[[ DATA TO PROCESS open ]]

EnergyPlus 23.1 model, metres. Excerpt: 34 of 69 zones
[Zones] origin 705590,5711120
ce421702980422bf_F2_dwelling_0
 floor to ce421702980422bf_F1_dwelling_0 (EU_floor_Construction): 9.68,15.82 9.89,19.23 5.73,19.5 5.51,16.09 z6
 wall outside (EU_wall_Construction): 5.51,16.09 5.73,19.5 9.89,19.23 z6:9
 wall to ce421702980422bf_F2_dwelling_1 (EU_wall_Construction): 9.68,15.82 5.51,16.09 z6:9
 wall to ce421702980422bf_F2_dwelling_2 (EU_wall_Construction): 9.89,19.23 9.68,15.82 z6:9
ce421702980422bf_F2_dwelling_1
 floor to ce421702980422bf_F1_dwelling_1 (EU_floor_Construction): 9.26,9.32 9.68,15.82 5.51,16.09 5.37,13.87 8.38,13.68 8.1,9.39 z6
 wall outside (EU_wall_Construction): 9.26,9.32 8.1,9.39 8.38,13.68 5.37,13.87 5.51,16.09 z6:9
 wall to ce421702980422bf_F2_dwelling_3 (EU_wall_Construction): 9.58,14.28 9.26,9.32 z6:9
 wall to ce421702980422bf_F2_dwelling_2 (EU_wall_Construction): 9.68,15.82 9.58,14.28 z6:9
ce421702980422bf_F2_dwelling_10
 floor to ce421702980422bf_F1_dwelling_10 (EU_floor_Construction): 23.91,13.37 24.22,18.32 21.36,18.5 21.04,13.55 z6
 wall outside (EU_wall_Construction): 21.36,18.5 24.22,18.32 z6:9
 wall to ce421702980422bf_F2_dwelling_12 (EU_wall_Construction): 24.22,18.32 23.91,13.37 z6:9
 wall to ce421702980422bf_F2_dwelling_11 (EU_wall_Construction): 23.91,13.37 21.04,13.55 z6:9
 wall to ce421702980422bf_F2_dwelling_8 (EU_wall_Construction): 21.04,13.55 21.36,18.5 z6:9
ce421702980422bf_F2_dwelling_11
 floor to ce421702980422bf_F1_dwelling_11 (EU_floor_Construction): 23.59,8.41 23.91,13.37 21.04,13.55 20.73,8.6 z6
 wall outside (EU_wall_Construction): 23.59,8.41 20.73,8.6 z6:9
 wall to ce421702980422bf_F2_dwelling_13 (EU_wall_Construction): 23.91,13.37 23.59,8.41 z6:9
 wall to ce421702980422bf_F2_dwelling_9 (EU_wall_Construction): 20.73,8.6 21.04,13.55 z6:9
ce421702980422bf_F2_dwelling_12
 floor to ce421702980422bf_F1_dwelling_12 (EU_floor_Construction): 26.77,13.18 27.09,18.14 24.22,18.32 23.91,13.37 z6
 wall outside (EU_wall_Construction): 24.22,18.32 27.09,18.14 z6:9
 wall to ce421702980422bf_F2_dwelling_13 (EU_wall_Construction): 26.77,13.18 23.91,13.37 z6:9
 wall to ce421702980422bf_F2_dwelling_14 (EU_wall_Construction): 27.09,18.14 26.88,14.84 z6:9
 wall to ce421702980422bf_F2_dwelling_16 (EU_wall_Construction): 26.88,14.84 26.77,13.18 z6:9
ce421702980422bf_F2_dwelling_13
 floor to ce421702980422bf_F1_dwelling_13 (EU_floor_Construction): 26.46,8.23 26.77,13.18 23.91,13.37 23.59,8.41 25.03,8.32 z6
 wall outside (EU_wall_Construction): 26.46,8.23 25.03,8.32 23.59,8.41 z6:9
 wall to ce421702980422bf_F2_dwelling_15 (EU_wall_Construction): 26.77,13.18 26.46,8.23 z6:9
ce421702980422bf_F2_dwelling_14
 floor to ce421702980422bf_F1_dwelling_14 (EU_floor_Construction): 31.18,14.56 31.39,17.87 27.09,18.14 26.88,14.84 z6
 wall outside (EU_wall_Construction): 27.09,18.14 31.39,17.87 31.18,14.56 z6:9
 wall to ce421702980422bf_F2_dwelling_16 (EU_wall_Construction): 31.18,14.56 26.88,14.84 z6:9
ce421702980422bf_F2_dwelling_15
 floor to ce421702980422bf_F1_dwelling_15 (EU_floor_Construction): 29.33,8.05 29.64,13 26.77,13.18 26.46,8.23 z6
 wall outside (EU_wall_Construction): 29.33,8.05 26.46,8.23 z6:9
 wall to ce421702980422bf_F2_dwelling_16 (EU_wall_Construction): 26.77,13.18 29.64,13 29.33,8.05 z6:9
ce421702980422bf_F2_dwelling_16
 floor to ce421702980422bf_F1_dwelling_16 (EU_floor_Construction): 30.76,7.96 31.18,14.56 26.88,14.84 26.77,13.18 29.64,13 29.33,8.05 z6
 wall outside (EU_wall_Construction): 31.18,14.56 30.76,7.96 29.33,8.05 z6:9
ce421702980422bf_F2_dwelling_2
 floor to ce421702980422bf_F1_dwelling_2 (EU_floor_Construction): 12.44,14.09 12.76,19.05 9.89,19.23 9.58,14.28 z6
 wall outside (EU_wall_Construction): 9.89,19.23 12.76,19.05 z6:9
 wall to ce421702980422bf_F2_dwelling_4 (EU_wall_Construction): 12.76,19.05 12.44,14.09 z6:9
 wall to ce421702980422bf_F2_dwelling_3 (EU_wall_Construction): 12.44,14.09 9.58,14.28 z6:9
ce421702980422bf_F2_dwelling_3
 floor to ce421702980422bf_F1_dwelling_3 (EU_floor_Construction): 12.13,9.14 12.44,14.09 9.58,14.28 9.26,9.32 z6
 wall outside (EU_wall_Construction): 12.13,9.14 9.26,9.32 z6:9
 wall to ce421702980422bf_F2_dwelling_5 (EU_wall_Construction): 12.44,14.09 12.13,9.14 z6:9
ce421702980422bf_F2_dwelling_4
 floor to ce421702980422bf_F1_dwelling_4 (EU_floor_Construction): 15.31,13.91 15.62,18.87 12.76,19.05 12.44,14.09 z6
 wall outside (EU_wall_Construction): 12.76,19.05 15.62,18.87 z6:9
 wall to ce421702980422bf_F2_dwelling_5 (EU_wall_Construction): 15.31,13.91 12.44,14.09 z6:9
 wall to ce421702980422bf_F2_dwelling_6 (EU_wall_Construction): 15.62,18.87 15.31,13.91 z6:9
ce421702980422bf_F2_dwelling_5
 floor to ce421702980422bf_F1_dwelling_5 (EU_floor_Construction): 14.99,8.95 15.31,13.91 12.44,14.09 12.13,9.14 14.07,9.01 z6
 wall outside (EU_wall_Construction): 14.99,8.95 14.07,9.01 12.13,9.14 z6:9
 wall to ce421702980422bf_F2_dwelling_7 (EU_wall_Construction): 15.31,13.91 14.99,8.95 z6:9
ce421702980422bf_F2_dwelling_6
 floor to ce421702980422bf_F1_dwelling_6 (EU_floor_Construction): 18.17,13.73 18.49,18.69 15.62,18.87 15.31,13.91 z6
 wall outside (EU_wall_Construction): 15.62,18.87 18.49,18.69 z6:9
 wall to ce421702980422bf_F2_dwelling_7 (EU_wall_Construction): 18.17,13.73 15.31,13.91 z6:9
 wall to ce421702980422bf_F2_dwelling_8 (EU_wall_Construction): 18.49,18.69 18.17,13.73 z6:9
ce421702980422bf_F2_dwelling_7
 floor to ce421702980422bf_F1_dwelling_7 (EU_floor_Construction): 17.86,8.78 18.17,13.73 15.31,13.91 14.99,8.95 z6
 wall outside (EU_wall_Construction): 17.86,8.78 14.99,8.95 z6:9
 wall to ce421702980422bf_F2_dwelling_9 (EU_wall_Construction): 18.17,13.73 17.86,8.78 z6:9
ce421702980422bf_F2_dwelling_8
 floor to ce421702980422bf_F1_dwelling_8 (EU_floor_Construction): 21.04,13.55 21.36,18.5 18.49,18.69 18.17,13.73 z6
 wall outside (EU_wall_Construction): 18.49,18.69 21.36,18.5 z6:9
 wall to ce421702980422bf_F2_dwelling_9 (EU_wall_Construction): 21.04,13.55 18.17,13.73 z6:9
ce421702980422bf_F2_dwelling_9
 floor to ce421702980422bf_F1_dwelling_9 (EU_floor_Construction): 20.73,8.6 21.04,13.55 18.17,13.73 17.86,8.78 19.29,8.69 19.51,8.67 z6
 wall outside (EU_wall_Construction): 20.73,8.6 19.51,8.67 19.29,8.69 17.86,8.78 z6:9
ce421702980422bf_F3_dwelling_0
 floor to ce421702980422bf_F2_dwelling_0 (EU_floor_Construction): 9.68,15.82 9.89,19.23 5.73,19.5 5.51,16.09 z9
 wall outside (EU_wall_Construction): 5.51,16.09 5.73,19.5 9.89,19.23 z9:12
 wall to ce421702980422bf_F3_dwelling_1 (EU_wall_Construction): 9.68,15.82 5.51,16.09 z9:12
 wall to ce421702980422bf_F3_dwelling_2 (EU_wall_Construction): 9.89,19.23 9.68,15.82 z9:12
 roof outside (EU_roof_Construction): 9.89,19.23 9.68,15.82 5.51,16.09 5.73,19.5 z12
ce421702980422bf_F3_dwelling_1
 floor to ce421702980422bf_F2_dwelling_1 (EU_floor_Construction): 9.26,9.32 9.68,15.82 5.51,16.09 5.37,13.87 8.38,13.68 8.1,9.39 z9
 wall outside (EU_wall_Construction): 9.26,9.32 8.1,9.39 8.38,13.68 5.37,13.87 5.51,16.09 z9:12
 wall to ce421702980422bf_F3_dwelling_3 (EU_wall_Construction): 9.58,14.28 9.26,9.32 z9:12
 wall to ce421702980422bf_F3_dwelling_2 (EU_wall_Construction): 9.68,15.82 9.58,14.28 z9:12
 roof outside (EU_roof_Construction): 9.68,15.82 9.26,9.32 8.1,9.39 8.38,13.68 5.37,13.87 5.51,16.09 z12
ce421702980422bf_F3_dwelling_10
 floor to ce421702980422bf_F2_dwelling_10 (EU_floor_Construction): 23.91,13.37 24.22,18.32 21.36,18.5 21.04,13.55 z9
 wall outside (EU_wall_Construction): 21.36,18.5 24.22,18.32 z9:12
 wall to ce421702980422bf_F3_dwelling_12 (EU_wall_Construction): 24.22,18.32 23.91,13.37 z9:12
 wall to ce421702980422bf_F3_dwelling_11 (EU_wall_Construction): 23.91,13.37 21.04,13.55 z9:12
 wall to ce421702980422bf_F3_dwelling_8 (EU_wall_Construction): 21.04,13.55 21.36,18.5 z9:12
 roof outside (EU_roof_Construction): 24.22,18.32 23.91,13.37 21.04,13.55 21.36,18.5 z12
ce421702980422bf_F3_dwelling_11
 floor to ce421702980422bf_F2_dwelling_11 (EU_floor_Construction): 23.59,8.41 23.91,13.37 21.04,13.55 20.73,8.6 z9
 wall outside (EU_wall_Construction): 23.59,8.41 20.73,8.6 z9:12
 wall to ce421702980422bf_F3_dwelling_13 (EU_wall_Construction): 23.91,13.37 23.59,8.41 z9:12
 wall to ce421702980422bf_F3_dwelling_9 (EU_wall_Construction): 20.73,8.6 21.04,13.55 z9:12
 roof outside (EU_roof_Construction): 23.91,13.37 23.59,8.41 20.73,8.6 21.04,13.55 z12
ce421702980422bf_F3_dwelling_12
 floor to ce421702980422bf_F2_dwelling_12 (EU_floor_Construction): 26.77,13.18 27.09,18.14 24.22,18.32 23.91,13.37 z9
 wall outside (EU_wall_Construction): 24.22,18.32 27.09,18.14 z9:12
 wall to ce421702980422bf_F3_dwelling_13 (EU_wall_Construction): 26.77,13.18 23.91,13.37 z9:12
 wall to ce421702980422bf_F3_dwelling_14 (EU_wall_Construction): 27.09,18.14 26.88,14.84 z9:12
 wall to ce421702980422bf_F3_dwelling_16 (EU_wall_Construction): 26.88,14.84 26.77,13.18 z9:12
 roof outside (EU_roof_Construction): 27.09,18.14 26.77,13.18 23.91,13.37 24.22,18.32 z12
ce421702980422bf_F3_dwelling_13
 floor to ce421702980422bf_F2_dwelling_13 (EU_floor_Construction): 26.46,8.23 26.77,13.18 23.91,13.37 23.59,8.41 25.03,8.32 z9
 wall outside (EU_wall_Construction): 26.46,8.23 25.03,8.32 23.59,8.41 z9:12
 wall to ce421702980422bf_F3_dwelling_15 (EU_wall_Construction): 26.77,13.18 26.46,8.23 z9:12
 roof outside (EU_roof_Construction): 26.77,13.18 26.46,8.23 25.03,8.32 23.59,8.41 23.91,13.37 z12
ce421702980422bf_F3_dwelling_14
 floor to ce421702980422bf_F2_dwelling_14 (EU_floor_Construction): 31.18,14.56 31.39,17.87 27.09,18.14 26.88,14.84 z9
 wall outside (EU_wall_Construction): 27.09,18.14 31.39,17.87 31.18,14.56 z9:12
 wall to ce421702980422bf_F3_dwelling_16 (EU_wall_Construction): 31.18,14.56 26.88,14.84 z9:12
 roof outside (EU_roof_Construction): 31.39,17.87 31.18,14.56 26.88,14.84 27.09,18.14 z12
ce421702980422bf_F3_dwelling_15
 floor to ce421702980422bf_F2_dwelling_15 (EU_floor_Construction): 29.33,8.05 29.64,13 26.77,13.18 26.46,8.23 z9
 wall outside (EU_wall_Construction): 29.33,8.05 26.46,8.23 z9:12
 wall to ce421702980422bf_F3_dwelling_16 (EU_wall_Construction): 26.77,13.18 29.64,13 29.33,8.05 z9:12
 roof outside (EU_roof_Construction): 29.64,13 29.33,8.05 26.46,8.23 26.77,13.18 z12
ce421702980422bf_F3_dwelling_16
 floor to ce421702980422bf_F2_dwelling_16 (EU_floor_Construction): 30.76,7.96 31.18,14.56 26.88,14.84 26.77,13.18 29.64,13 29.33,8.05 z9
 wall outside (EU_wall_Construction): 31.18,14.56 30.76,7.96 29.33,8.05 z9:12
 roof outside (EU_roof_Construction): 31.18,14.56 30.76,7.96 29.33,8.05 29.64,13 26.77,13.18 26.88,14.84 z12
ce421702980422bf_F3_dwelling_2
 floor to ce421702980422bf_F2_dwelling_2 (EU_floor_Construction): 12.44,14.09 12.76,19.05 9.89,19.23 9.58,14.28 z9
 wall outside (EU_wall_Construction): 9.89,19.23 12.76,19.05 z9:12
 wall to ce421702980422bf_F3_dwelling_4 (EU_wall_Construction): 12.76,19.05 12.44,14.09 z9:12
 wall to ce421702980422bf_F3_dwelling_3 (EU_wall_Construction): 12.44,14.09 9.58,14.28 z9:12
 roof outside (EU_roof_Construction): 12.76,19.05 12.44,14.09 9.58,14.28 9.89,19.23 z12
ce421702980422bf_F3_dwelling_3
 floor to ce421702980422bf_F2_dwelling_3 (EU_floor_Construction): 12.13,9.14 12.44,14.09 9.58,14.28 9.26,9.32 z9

[[ DATA TO PROCESS closed ]]

--- INSTRUCTIONS FOR THE TASK ---
In the data above, which lines lie between the line with "18.17,13.73 15.31,13.91 z6:9" and the line with "5.73,19.5 9.89,19.23 z9:12", inclusive? Print those lines exactly and nothing else.

--- EXPECTED ANSWER ---
 wall to ce421702980422bf_F2_dwelling_7 (EU_wall_Construction): 18.17,13.73 15.31,13.91 z6:9
 wall to ce421702980422bf_F2_dwelling_8 (EU_wall_Construction): 18.49,18.69 18.17,13.73 z6:9
ce421702980422bf_F2_dwelling_7
 floor to ce421702980422bf_F1_dwelling_7 (EU_floor_Construction): 17.86,8.78 18.17,13.73 15.31,13.91 14.99,8.95 z6
 wall outside (EU_wall_Construction): 17.86,8.78 14.99,8.95 z6:9
 wall to ce421702980422bf_F2_dwelling_9 (EU_wall_Construction): 18.17,13.73 17.86,8.78 z6:9
ce421702980422bf_F2_dwelling_8
 floor to ce421702980422bf_F1_dwelling_8 (EU_floor_Construction): 21.04,13.55 21.36,18.5 18.49,18.69 18.17,13.73 z6
 wall outside (EU_wall_Construction): 18.49,18.69 21.36,18.5 z6:9
 wall to ce421702980422bf_F2_dwelling_9 (EU_wall_Construction): 21.04,13.55 18.17,13.73 z6:9
ce421702980422bf_F2_dwelling_9
 floor to ce421702980422bf_F1_dwelling_9 (EU_floor_Construction): 20.73,8.6 21.04,13.55 18.17,13.73 17.86,8.78 19.29,8.69 19.51,8.67 z6
 wall outside (EU_wall_Construction): 20.73,8.6 19.51,8.67 19.29,8.69 17.86,8.78 z6:9
ce421702980422bf_F3_dwelling_0
 floor to ce421702980422bf_F2_dwelling_0 (EU_floor_Construction): 9.68,15.82 9.89,19.23 5.73,19.5 5.51,16.09 z9
 wall outside (EU_wall_Construction): 5.51,16.09 5.73,19.5 9.89,19.23 z9:12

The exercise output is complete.